╭─ Task data

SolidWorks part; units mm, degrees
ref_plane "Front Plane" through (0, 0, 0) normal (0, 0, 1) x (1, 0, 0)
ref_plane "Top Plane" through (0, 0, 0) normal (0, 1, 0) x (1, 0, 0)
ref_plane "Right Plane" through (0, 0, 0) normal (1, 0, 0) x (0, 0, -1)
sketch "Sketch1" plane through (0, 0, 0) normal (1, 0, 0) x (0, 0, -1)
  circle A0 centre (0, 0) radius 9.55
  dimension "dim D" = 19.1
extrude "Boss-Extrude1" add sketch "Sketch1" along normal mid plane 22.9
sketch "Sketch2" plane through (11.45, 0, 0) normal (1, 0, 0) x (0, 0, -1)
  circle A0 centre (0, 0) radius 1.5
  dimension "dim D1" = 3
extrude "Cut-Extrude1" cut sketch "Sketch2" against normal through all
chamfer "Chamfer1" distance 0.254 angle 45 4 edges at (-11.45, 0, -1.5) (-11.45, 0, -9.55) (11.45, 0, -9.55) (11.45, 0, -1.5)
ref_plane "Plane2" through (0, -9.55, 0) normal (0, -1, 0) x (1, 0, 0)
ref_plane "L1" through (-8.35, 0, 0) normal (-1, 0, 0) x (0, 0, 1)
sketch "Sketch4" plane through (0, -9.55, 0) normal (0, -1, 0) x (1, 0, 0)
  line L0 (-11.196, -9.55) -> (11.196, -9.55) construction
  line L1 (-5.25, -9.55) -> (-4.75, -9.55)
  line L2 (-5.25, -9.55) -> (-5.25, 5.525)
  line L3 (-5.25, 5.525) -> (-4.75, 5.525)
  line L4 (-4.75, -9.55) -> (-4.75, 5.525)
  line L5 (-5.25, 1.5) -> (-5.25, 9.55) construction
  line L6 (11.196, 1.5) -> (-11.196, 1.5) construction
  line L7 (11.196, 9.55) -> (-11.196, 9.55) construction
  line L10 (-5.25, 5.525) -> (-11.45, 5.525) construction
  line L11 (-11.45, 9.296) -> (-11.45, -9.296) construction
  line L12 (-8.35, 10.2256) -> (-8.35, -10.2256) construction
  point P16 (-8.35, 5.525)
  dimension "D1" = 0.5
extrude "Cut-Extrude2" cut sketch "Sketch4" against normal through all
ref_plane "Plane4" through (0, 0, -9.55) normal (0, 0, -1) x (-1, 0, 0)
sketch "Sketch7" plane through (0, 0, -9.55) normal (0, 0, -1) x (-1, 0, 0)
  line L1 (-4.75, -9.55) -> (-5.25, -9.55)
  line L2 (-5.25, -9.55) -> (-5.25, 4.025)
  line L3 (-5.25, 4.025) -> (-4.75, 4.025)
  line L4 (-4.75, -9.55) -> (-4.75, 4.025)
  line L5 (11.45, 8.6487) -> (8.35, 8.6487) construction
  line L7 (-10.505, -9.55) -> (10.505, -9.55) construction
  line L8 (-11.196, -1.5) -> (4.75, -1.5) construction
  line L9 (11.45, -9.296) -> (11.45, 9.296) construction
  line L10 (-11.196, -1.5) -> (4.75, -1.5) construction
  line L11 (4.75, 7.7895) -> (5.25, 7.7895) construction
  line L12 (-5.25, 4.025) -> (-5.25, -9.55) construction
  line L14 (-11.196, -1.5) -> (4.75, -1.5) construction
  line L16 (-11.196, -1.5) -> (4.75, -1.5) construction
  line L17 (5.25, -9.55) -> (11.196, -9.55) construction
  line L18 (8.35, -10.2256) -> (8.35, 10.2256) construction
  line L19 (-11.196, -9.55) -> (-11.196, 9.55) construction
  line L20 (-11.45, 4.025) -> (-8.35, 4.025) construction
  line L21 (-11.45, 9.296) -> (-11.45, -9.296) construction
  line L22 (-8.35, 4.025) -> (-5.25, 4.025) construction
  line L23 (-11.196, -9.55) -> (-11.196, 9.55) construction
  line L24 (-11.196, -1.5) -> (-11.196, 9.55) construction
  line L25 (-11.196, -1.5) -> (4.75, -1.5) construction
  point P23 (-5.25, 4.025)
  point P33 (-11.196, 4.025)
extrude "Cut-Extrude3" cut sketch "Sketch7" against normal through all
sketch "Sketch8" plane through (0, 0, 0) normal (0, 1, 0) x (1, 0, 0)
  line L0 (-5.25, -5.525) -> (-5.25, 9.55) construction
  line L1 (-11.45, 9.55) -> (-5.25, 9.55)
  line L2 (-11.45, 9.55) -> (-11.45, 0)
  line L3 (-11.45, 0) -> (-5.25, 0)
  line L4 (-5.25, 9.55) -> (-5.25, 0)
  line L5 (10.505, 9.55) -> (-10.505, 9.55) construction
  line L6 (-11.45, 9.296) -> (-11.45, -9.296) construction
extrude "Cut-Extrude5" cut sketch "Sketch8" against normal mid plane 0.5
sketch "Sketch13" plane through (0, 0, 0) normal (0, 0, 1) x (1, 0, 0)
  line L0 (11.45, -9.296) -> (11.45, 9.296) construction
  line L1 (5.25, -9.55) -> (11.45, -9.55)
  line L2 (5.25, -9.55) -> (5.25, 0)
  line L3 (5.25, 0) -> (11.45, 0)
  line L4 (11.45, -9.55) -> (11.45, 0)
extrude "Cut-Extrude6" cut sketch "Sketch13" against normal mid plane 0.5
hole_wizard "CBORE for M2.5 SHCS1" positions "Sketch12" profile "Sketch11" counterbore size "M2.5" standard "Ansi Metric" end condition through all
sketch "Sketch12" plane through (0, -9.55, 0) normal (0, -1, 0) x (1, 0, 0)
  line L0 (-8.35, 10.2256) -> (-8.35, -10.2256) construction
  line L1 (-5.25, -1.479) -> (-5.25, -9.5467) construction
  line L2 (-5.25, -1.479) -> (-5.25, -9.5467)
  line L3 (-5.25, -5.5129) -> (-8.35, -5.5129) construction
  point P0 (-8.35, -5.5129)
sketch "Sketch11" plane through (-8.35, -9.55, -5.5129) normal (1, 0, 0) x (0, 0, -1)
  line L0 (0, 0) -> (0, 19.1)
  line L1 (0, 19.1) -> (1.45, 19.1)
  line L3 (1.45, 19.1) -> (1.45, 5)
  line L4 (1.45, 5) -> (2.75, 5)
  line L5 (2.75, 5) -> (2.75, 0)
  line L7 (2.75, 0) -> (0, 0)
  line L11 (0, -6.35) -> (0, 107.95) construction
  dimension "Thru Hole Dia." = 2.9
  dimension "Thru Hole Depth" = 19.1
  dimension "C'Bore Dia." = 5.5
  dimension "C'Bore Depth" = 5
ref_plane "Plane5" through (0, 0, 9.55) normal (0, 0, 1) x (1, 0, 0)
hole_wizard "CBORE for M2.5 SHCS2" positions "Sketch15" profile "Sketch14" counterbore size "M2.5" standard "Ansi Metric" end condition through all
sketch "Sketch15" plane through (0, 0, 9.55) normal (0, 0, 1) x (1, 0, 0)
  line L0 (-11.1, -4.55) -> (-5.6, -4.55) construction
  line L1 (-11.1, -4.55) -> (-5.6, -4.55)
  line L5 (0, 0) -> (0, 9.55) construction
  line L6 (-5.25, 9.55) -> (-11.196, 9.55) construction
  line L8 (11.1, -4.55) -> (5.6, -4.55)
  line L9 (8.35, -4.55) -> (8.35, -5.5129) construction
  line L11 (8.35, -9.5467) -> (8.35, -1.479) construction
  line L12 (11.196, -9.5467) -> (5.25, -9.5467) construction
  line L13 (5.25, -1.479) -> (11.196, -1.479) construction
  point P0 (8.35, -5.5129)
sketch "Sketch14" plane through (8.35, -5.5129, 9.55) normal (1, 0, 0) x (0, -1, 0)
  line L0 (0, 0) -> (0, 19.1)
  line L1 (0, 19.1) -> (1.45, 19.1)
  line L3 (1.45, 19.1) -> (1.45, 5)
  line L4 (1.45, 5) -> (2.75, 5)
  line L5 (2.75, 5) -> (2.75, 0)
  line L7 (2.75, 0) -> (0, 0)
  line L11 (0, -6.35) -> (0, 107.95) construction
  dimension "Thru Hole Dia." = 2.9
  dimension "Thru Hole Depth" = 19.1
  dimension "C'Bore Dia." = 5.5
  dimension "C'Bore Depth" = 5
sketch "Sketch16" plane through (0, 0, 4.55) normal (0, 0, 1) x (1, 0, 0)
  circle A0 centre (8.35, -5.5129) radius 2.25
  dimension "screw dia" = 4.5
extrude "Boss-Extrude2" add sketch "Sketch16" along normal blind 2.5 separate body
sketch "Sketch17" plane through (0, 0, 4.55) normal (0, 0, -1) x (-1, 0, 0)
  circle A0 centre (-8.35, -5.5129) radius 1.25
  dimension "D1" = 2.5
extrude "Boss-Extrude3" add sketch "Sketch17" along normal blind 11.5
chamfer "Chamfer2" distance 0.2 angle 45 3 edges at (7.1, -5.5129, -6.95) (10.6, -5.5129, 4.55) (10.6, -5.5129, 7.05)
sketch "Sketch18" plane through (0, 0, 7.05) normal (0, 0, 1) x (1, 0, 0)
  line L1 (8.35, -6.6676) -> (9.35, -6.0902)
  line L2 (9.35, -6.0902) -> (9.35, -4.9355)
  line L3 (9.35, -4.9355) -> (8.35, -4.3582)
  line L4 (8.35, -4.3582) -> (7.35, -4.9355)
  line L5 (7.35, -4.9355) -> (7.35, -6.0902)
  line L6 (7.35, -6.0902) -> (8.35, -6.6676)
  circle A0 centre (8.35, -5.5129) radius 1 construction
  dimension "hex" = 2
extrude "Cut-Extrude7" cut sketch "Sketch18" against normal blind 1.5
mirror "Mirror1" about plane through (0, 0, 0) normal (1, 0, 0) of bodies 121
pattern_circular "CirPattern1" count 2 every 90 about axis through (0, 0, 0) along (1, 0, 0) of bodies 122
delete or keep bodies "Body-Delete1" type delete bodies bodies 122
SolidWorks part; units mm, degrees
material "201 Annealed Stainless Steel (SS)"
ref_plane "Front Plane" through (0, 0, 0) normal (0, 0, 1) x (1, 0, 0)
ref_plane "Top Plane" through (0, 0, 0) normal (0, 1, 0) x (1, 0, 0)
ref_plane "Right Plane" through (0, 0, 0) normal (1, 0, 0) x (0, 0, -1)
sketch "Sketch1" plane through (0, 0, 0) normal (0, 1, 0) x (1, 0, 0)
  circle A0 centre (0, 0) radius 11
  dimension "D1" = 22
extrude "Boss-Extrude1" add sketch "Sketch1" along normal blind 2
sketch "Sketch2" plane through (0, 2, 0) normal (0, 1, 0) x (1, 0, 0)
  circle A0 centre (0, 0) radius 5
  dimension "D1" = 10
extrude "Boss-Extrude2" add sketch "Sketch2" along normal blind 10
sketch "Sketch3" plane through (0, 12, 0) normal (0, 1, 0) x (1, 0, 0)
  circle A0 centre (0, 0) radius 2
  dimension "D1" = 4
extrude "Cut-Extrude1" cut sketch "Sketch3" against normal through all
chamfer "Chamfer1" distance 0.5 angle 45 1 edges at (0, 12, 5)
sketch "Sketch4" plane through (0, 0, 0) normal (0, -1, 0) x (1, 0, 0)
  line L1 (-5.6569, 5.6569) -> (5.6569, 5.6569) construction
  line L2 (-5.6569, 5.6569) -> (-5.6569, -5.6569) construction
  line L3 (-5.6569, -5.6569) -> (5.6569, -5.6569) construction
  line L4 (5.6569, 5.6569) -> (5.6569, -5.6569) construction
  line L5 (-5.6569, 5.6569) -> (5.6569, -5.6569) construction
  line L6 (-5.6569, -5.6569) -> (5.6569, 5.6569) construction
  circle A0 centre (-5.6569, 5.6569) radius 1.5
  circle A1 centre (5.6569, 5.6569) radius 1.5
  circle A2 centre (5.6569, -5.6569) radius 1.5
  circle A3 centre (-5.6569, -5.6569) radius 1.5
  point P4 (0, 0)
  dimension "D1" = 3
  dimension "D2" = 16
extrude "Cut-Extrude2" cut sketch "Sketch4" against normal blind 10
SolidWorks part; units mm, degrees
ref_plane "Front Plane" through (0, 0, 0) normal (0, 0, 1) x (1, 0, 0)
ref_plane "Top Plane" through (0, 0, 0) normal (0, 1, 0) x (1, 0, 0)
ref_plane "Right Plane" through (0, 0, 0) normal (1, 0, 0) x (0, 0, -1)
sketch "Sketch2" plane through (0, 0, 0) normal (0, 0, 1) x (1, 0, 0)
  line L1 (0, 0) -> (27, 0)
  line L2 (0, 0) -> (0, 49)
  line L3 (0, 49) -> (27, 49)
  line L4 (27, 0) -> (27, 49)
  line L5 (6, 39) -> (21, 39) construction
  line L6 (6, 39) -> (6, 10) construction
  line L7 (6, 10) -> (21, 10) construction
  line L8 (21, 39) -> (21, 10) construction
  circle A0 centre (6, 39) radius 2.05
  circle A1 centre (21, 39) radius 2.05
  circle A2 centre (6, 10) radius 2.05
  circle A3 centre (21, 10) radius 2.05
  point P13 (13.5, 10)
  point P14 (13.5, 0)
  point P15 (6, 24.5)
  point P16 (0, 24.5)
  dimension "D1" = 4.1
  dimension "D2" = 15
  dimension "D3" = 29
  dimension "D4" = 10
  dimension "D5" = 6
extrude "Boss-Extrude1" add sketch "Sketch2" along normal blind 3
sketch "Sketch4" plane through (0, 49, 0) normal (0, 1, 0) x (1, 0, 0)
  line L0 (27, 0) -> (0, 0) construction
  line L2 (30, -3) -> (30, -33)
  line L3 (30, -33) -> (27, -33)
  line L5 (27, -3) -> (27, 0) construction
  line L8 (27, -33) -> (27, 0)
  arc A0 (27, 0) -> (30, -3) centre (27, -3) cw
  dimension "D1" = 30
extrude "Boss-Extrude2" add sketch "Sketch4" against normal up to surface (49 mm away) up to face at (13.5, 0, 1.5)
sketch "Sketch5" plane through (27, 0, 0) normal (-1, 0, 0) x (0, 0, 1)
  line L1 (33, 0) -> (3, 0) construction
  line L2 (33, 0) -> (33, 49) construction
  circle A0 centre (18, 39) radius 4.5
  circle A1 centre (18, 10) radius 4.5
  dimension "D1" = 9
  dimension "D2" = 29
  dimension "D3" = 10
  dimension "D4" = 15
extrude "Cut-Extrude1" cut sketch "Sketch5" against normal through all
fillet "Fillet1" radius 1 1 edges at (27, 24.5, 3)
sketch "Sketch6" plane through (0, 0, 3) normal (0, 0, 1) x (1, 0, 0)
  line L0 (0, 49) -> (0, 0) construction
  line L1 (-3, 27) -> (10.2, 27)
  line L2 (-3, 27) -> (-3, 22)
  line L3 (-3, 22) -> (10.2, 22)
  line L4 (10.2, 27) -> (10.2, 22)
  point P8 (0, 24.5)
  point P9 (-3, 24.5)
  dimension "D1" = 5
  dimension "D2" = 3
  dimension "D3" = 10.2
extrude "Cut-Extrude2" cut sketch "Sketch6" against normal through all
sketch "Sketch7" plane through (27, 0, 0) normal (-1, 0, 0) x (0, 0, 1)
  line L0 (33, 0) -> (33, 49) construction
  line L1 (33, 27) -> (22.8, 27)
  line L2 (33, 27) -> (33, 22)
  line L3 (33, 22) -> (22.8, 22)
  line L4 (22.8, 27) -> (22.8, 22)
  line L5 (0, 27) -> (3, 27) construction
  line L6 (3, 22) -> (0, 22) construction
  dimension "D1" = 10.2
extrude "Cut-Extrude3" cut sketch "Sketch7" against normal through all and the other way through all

╰─

## What you have to do
Print, please, the lines above from the very first through the one that holds "line L1 (-5.25, -9.55) -> (-4.75, -9.55)", both included, word for word and with nothing else.

## Answer to the problem
SolidWorks part; units mm, degrees
ref_plane "Front Plane" through (0, 0, 0) normal (0, 0, 1) x (1, 0, 0)
ref_plane "Top Plane" through (0, 0, 0) normal (0, 1, 0) x (1, 0, 0)
ref_plane "Right Plane" through (0, 0, 0) normal (1, 0, 0) x (0, 0, -1)
sketch "Sketch1" plane through (0, 0, 0) normal (1, 0, 0) x (0, 0, -1)
  circle A0 centre (0, 0) radius 9.55
  dimension "dim D" = 19.1
extrude "Boss-Extrude1" add sketch "Sketch1" along normal mid plane 22.9
sketch "Sketch2" plane through (11.45, 0, 0) normal (1, 0, 0) x (0, 0, -1)
  circle A0 centre (0, 0) radius 1.5
  dimension "dim D1" = 3
extrude "Cut-Extrude1" cut sketch "Sketch2" against normal through all
chamfer "Chamfer1" distance 0.254 angle 45 4 edges at (-11.45, 0, -1.5) (-11.45, 0, -9.55) (11.45, 0, -9.55) (11.45, 0, -1.5)
ref_plane "Plane2" through (0, -9.55, 0) normal (0, -1, 0) x (1, 0, 0)
ref_plane "L1" through (-8.35, 0, 0) normal (-1, 0, 0) x (0, 0, 1)
sketch "Sketch4" plane through (0, -9.55, 0) normal (0, -1, 0) x (1, 0, 0)
  line L0 (-11.196, -9.55) -> (11.196, -9.55) construction
  line L1 (-5.25, -9.55) -> (-4.75, -9.55)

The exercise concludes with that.